## Extracted data entries

********

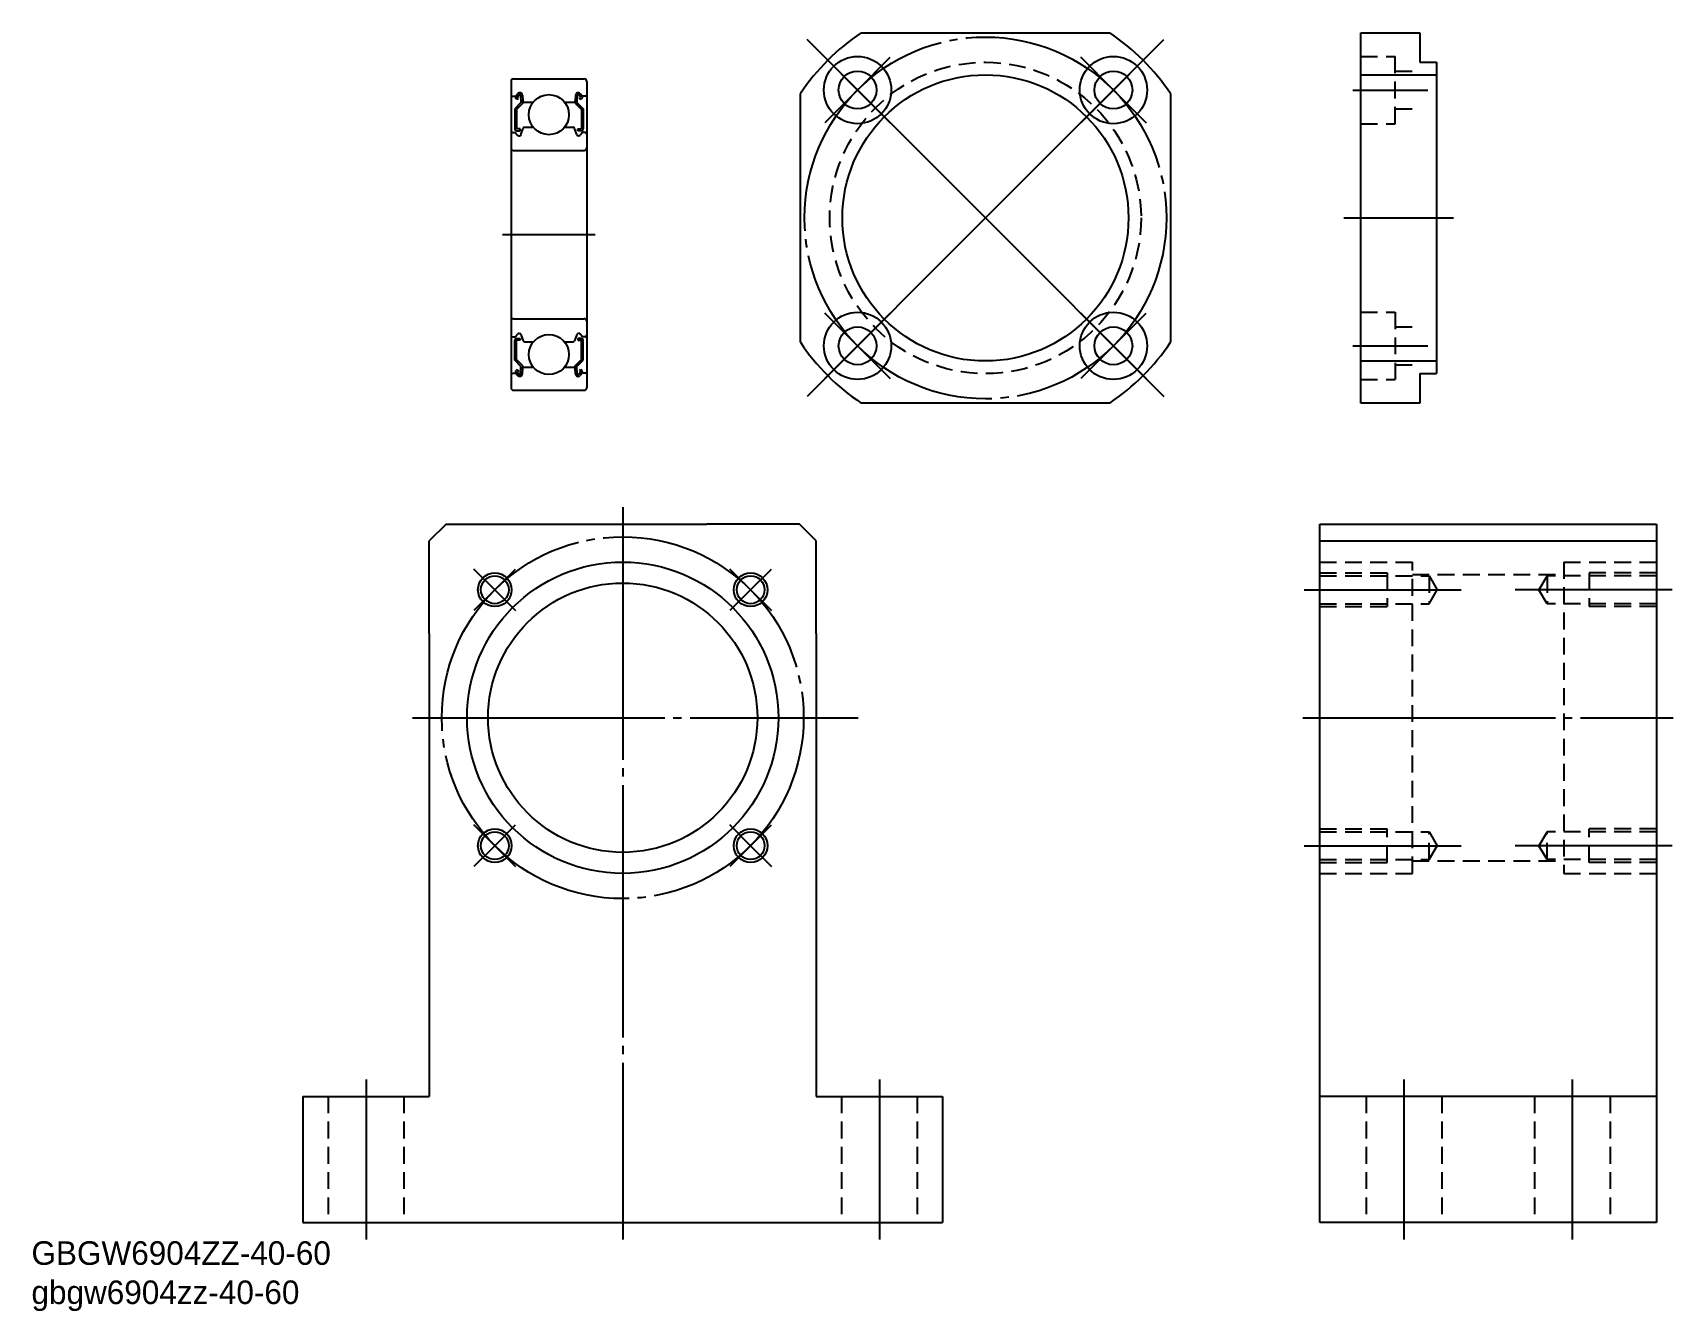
# Model space of a CAD drawing. Extents: x -145 to 50, y -46 to 106.
import ezdxf

# ---------------------------------------------------------------- set-up
doc = ezdxf.new("R2010")
doc.units = 0
doc.linetypes.add('CENTER', pattern=[33, 30, -1, 1, -1])
doc.linetypes.add('DASHED', pattern=[3, 2, -1])
doc.layers.get('0').update_dxf_attribs({"linetype": 'CONTINUOUS'})
doc.layers.add('CENTER', color=7, linetype='CONTINUOUS')

# ---------------------------------------------------------------- blocks, each defined once
blk = doc.blocks.new('*U2')
at = {"linetype": 'CONTINUOUS'}
for s, p in [('GBGW6904ZZ-40-60', (-145.09, -40.1)), ('gbgw6904zz-40-60', (-145.09, -44.76))]:
    blk.add_text(s, height=2.8, dxfattribs=at).set_placement(p)

msp = doc.modelspace()

# ---------------------------------------------------------------- linework, layer by layer
at = {"color": 7, "linetype": 'CONTINUOUS'}
for p, q in [((-46.48, 106.31), (-16.93, 106.31)), ((12.9, 106.31), (19.9, 106.31)), ((12.9, 62.31), (12.9, 106.31)), ((19.9, 106.31), (19.9, 102.81)), ((19.9, 102.81), (21.9, 102.81)), ((21.9, 102.81), (21.9, 65.81)), ((12.9, 101.31), (21.9, 101.31)), ((-53.71, 69.54), (-53.71, 99.08)), ((-9.71, 99.08), (-9.71, 69.54)), ((12.9, 67.31), (21.9, 67.31)), ((19.9, 65.81), (19.9, 62.31)), ((19.9, 65.81), (21.9, 65.81)), ((-16.93, 62.31), (-46.48, 62.31)), ((19.9, 62.31), (12.9, 62.31)), ((-95.82, 47.92), (-97.82, 45.92)), ((-95.82, 47.92), (-84.82, 47.92)), ((-84.82, 47.92), (-64.82, 47.92)), ((-53.82, 47.92), (-64.82, 47.92)), ((-51.82, 45.92), (-53.82, 47.92)), ((8.03, 47.92), (48.03, 47.92)), ((8.03, -35.08), (8.03, 47.92)), ((8.03, -35.08), (8.03, 47.92)), ((48.03, 47.92), (48.03, -35.08)), ((-97.82, 34.92), (-97.82, 45.92)), ((-51.82, 34.92), (-51.82, 45.92)), ((8.03, 45.92), (48.03, 45.92)), ((-97.82, 34.92), (-97.82, -20.08)), ((-51.82, 34.92), (-51.82, -20.08)), ((-112.82, -20.08), (-112.82, -35.08)), ((-112.82, -20.08), (-97.82, -20.08)), ((-51.82, -20.08), (-36.82, -20.08)), ((-36.82, -20.08), (-36.82, -35.08)), ((48.03, -20.08), (8.03, -20.08)), ((-112.82, -35.08), (-36.82, -35.08)), ((48.03, -35.08), (8.03, -35.08))]:
    msp.add_line(p, q, dxfattribs=at)
at = {"color": 3, "linetype": 'DASHED'}
for p, q in [((12.9, 103.51), (17, 103.51)), ((17, 95.51), (17, 103.51)), ((17, 101.76), (19.9, 101.76)), ((17, 97.26), (19.9, 97.26)), ((12.9, 95.51), (17, 95.51)), ((12.9, 73.11), (17, 73.11)), ((17, 73.11), (17, 65.11)), ((17, 71.36), (19.9, 71.36)), ((17, 66.86), (19.9, 66.86)), ((12.9, 65.11), (17, 65.11)), ((8.03, 43.42), (19.03, 43.42)), ((19.03, 6.42), (19.03, 43.42)), ((37.03, 43.42), (37.03, 6.42)), ((37.03, 43.42), (48.03, 43.42)), ((8.03, 42.12), (16.03, 42.12)), ((8.03, 41.77), (21.03, 41.77)), ((16.03, 42.12), (16.03, 38.12)), ((19.03, 41.92), (37.03, 41.92)), ((21.03, 41.77), (21.03, 38.47)), ((21.03, 41.77), (21.98, 40.12)), ((35.03, 41.77), (34.07, 40.12)), ((35.03, 41.77), (35.03, 38.47)), ((48.03, 41.77), (35.03, 41.77)), ((40.03, 42.12), (40.03, 38.12)), ((48.03, 42.12), (40.03, 42.12)), ((21.03, 38.47), (21.98, 40.12)), ((35.03, 38.47), (34.07, 40.12)), ((8.03, 38.47), (21.03, 38.47)), ((8.03, 38.12), (16.03, 38.12)), ((48.03, 38.47), (35.03, 38.47)), ((48.03, 38.12), (40.03, 38.12)), ((8.03, 11.71), (16.03, 11.71)), ((16.03, 7.71), (16.03, 11.71)), ((40.03, 7.71), (40.03, 11.71)), ((48.03, 11.71), (40.03, 11.71)), ((8.03, 11.36), (21.03, 11.36)), ((21.03, 8.06), (21.03, 11.36)), ((21.03, 11.36), (21.98, 9.71)), ((35.03, 11.36), (34.07, 9.71)), ((35.03, 8.06), (35.03, 11.36)), ((48.03, 11.36), (35.03, 11.36)), ((8.03, 8.06), (21.03, 8.06)), ((19.03, 7.92), (37.03, 7.92)), ((21.03, 8.06), (21.98, 9.71)), ((35.03, 8.06), (34.07, 9.71)), ((48.03, 8.06), (35.03, 8.06)), ((8.03, 7.71), (16.03, 7.71)), ((8.03, 6.42), (19.03, 6.42)), ((37.03, 6.42), (48.03, 6.42)), ((48.03, 7.71), (40.03, 7.71)), ((-109.82, -20.08), (-109.82, -35.08)), ((-100.82, -20.08), (-100.82, -35.08)), ((-48.82, -20.08), (-48.82, -35.08)), ((-39.82, -20.08), (-39.82, -35.08)), ((13.53, -20.08), (13.53, -35.08)), ((22.53, -20.08), (22.53, -35.08)), ((33.53, -20.08), (33.53, -35.08)), ((42.53, -20.08), (42.53, -35.08))]:
    msp.add_line(p, q, dxfattribs=at)
for p, q in [((-88.09, 100.53), (-88.09, 64.13)), ((-87.79, 100.83), (-79.39, 100.83)), ((-79.09, 100.53), (-79.09, 64.13)), ((-87.99, 98.78), (-87.53, 98.78)), ((-86.91, 98.01), (-87.66, 97.26)), ((-87.53, 98.78), (-87.28, 99.08)), ((-87.35, 98.37), (-87.5, 98.5)), ((-86.71, 97.93), (-87.46, 97.18)), ((-87.38, 98.65), (-87.13, 98.95)), ((-87.22, 98.52), (-87.38, 98.65)), ((-87.35, 98.37), (-87.22, 98.52)), ((-86.95, 98.89), (-86.91, 98.01)), ((-86.75, 98.91), (-86.69, 98.17)), ((-86.71, 98.4), (-86.71, 97.93)), ((-86.59, 98.08), (-85.44, 98.08)), ((-81.74, 98.08), (-80.59, 98.08)), ((-80.43, 98.9), (-80.49, 98.17)), ((-80.47, 98.4), (-80.47, 97.93)), ((-80.47, 97.93), (-79.72, 97.18)), ((-80.23, 98.89), (-80.27, 98.01)), ((-80.27, 98.01), (-79.52, 97.26)), ((-79.8, 98.65), (-80.05, 98.94)), ((-79.95, 98.52), (-79.8, 98.65)), ((-79.83, 98.37), (-79.95, 98.52)), ((-79.65, 98.78), (-79.89, 99.07)), ((-79.83, 98.37), (-79.67, 98.5)), ((-79.19, 98.78), (-79.65, 98.78)), ((-87.66, 97.26), (-87.66, 94.88)), ((-87.46, 97.18), (-87.46, 94.88)), ((-79.72, 97.18), (-79.72, 94.88)), ((-79.52, 97.26), (-79.52, 94.88)), ((-87.89, 94.48), (-87.59, 94.48)), ((-87.59, 94.48), (-87.31, 94.15)), ((-87.01, 94.88), (-87.46, 94.88)), ((-87.46, 94.68), (-87.01, 94.68)), ((-87.16, 94.08), (-87.09, 94.08)), ((-87.01, 94.68), (-87.01, 94.88)), ((-86.91, 94.21), (-86.64, 94.95)), ((-86.45, 95.08), (-85.44, 95.08)), ((-81.74, 95.08), (-80.73, 95.08)), ((-80.27, 94.21), (-80.54, 94.95)), ((-80.17, 94.68), (-80.17, 94.88)), ((-80.17, 94.88), (-79.72, 94.88)), ((-79.72, 94.68), (-80.17, 94.68)), ((-80.02, 94.08), (-80.08, 94.08)), ((-79.59, 94.48), (-79.86, 94.15)), ((-79.29, 94.48), (-79.59, 94.48)), ((-87.79, 92.33), (-79.39, 92.33)), ((-87.79, 72.33), (-79.39, 72.33)), ((-87.59, 70.18), (-87.31, 70.51)), ((-87.16, 70.58), (-87.09, 70.58)), ((-86.91, 70.45), (-86.64, 69.71)), ((-80.27, 70.45), (-80.54, 69.71)), ((-80.02, 70.58), (-80.08, 70.58)), ((-79.59, 70.18), (-79.86, 70.51)), ((-87.89, 70.18), (-87.59, 70.18)), ((-87.66, 67.4), (-87.66, 69.78)), ((-87.46, 69.98), (-87.01, 69.98)), ((-87.01, 69.78), (-87.46, 69.78)), ((-87.46, 67.48), (-87.46, 69.78)), ((-87.01, 69.98), (-87.01, 69.78)), ((-86.45, 69.58), (-85.44, 69.58)), ((-86.2, 69.58), (-86.2, 69.58)), ((-85.94, 69.58), (-85.94, 69.58)), ((-81.74, 69.58), (-80.73, 69.58)), ((-80.17, 69.98), (-80.17, 69.78)), ((-79.72, 69.98), (-80.17, 69.98)), ((-80.17, 69.78), (-79.72, 69.78)), ((-79.72, 67.48), (-79.72, 69.78)), ((-79.29, 70.18), (-79.59, 70.18)), ((-79.52, 67.4), (-79.52, 69.78)), ((-86.91, 66.65), (-87.66, 67.4)), ((-87.35, 66.29), (-87.5, 66.16)), ((-86.71, 66.73), (-87.46, 67.48)), ((-87.35, 66.29), (-87.22, 66.14)), ((-86.95, 65.77), (-86.91, 66.65)), ((-86.75, 65.75), (-86.69, 66.49)), ((-86.71, 66.26), (-86.71, 66.73)), ((-86.59, 66.58), (-85.44, 66.58)), ((-81.74, 66.58), (-80.59, 66.58)), ((-80.43, 65.76), (-80.49, 66.49)), ((-80.47, 66.73), (-79.72, 67.48)), ((-80.47, 66.26), (-80.47, 66.73)), ((-80.27, 66.65), (-79.52, 67.4)), ((-80.23, 65.78), (-80.27, 66.65)), ((-79.83, 66.29), (-79.95, 66.14)), ((-79.83, 66.29), (-79.67, 66.16)), ((-87.99, 65.88), (-87.53, 65.88)), ((-87.53, 65.88), (-87.28, 65.58)), ((-87.22, 66.14), (-87.38, 66.01)), ((-87.38, 66.01), (-87.13, 65.71)), ((-79.8, 66.01), (-80.05, 65.72)), ((-79.95, 66.14), (-79.8, 66.01)), ((-79.65, 65.88), (-79.89, 65.59)), ((-79.19, 65.88), (-79.65, 65.88)), ((-87.79, 63.83), (-79.39, 63.83))]:
    msp.add_line(p, q)
at = {"color": 7, "linetype": 'CONTINUOUS'}
for centre, radius in [((-46.91, 99.51), 4), ((-16.5, 99.51), 4), ((-46.91, 99.51), 2.25), ((-16.5, 99.51), 2.25), ((-31.71, 84.31), 17), ((-46.91, 69.11), 4), ((-16.5, 69.11), 4), ((-46.91, 69.11), 2.25), ((-16.5, 69.11), 2.25), ((-74.82, 24.92), 18.5), ((-90.02, 40.12), 1.65), ((-59.62, 40.12), 1.65), ((-74.82, 24.92), 16), ((-90.02, 9.71), 1.65), ((-59.62, 9.71), 1.65)]:
    msp.add_circle(centre, radius, dxfattribs=at)
at = {"color": 3, "linetype": 'DASHED'}
msp.add_circle((-31.71, 84.31), 18.5, dxfattribs=at)
for centre in [(-83.59, 96.58), (-83.59, 68.08)]:
    msp.add_circle(centre, 2.38)
at = {"color": 3, "linetype": 'CONTINUOUS'}
for centre in [(-90.02, 40.12), (-59.62, 40.12), (-90.02, 9.71), (-59.62, 9.71)]:
    msp.add_circle(centre, 2, dxfattribs=at)
at = {"color": 7, "linetype": 'CONTINUOUS'}
for start, end in [(123.8819, 146.1181), (33.8819, 56.1181), (213.8819, 236.1181), (303.8819, 326.1181)]:
    msp.add_arc((-31.71, 84.31), 26.5, start, end, dxfattribs=at)
for centre, radius, start, end in [((-87.79, 100.53), 0.3, 90, 180), ((-79.39, 100.53), 0.3, 0, 90), ((-87.99, 98.88), 0.1, 180, 270), ((-87.38, 98.65), 0.2, 140.001, 230.0801), ((-87.05, 98.89), 0.3, 4.9967, 140.001), ((-87.05, 98.89), 0.1, 2.8199, 140.0012), ((-86.59, 98.18), 0.1, 184.9967, 269.9995), ((-80.59, 98.18), 0.1, 269.9995, 354.8557), ((-80.13, 98.88), 0.303, 40.0459, 175.0792), ((-80.13, 98.88), 0.103, 39.874, 175.0048), ((-79.8, 98.65), 0.2, 309.9138, 40.1318), ((-79.19, 98.88), 0.1, 269.9995, 359.9913), ((-87.89, 94.28), 0.2, 90, 180), ((-87.46, 94.88), 0.2, 180, 270), ((-87.16, 94.28), 0.2, 219.9921, 270), ((-87.09, 94.28), 0.2, 270, 339.9919), ((-86.45, 94.88), 0.2, 90, 159.9919), ((-80.73, 94.88), 0.2, 19.8845, 90.0002), ((-80.08, 94.28), 0.2, 199.8883, 269.9998), ((-80.02, 94.28), 0.2, 269.9998, 319.8616), ((-79.72, 94.88), 0.2, 269.9998, 359.9956), ((-79.29, 94.28), 0.2, 359.9956, 90.0002), ((-87.79, 92.63), 0.3, 180, 270), ((-79.39, 92.63), 0.3, 270, 0), ((-87.79, 72.03), 0.3, 90, 180), ((-79.39, 72.03), 0.3, 0, 90), ((-87.89, 70.38), 0.2, 180, 270), ((-87.16, 70.38), 0.2, 90, 140.0079), ((-87.09, 70.38), 0.2, 20.0081, 90), ((-80.08, 70.38), 0.2, 90.0002, 160.1117), ((-80.02, 70.38), 0.2, 40.1384, 90.0002), ((-79.29, 70.38), 0.2, 269.9998, 0.0044), ((-87.46, 69.78), 0.2, 90, 180), ((-86.45, 69.78), 0.2, 200.0081, 270), ((-80.73, 69.78), 0.2, 269.9998, 340.1155), ((-79.72, 69.78), 0.2, 0.0044, 90.0002), ((-86.59, 66.48), 0.1, 90.0005, 175.0033), ((-80.59, 66.48), 0.1, 5.1443, 90.0005), ((-87.99, 65.78), 0.1, 90, 180), ((-87.38, 66.01), 0.2, 129.9199, 219.999), ((-87.05, 65.78), 0.3, 219.999, 355.0033), ((-87.05, 65.78), 0.1, 219.9988, 357.1801), ((-80.13, 65.78), 0.303, 184.9207, 319.9541), ((-80.13, 65.78), 0.103, 184.9952, 320.126), ((-79.8, 66.01), 0.2, 319.8682, 50.0862), ((-79.19, 65.78), 0.1, 0.0087, 90.0005), ((-87.79, 64.13), 0.3, 180, 270), ((-79.39, 64.13), 0.3, 270, 0)]:
    msp.add_arc(centre, radius, start, end)
at = {"layer": 'CENTER', "color": 1, "linetype": 'CENTER'}
for p, q in [((-31.71, 84.31), (-53.27, 105.88)), ((-31.71, 84.31), (-10.14, 105.88)), ((-46.91, 99.51), (-50.8, 103.4)), ((-46.91, 99.51), (-43.02, 103.4)), ((-16.5, 99.51), (-20.39, 103.4)), ((-16.5, 99.51), (-12.61, 103.4)), ((-46.91, 99.51), (-50.8, 95.62)), ((-46.91, 99.51), (-43.02, 95.62)), ((-16.5, 99.51), (-20.39, 95.62)), ((-16.5, 99.51), (-12.61, 95.62)), ((11.95, 99.51), (20.87, 99.51)), ((-31.71, 84.31), (-53.27, 62.74)), ((-31.71, 84.31), (-10.14, 62.74)), ((10.9, 84.31), (23.9, 84.31)), ((-89.09, 82.33), (-78.09, 82.33)), ((-46.91, 69.11), (-50.8, 73)), ((-46.91, 69.11), (-43.02, 73)), ((-16.5, 69.11), (-20.39, 73)), ((-16.5, 69.11), (-12.61, 73)), ((-46.91, 69.11), (-50.8, 65.22)), ((-46.91, 69.11), (-43.02, 65.22)), ((-16.5, 69.11), (-20.39, 65.22)), ((-16.5, 69.11), (-12.61, 65.22)), ((11.95, 69.11), (20.87, 69.11)), ((-74.82, 49.92), (-74.82, -37.08)), ((-90.02, 40.12), (-92.5, 42.59)), ((-90.02, 40.12), (-87.55, 42.59)), ((-59.62, 40.12), (-62.09, 42.59)), ((-59.62, 40.12), (-57.14, 42.59)), ((-90.02, 40.12), (-92.5, 37.64)), ((-90.02, 40.12), (-87.55, 37.64)), ((-59.62, 40.12), (-62.09, 37.64)), ((-59.62, 40.12), (-57.14, 37.64)), ((6.17, 40.12), (24.82, 40.12)), ((49.89, 40.12), (31.23, 40.12)), ((-99.82, 24.92), (-46.82, 24.92)), ((6.03, 24.92), (50.03, 24.92)), ((-90.02, 9.71), (-92.5, 12.19)), ((-90.02, 9.71), (-87.55, 12.19)), ((-59.62, 9.71), (-62.09, 12.19)), ((-59.62, 9.71), (-57.14, 12.19)), ((-90.02, 9.71), (-92.5, 7.24)), ((-90.02, 9.71), (-87.55, 7.24)), ((-59.62, 9.71), (-62.09, 7.24)), ((-59.62, 9.71), (-57.14, 7.24)), ((6.17, 9.71), (24.82, 9.71)), ((49.89, 9.71), (31.23, 9.71)), ((-105.32, -18.08), (-105.32, -37.08)), ((-44.32, -18.08), (-44.32, -37.08)), ((18.03, -18.08), (18.03, -37.08)), ((38.03, -18.08), (38.03, -37.08))]:
    msp.add_line(p, q, dxfattribs=at)
for centre in [(-31.71, 84.31), (-74.82, 24.92)]:
    msp.add_circle(centre, 21.5, dxfattribs=at)

# ---------------------------------------------------------------- block references
at = {"linetype": 'CONTINUOUS'}
msp.add_blockref('*U2', (0, 0), dxfattribs=at)

doc.saveas('drawing.dxf')

********

## Exercise aim
Whenever the word "dxfattribs" occurs in a line above, copy that line.

## Finished task
    blk.add_text(s, height=2.8, dxfattribs=at).set_placement(p)
    msp.add_line(p, q, dxfattribs=at)
    msp.add_line(p, q, dxfattribs=at)
    msp.add_circle(centre, radius, dxfattribs=at)
msp.add_circle((-31.71, 84.31), 18.5, dxfattribs=at)
    msp.add_circle(centre, 2, dxfattribs=at)
    msp.add_arc((-31.71, 84.31), 26.5, start, end, dxfattribs=at)
    msp.add_line(p, q, dxfattribs=at)
    msp.add_circle(centre, 21.5, dxfattribs=at)
msp.add_blockref('*U2', (0, 0), dxfattribs=at)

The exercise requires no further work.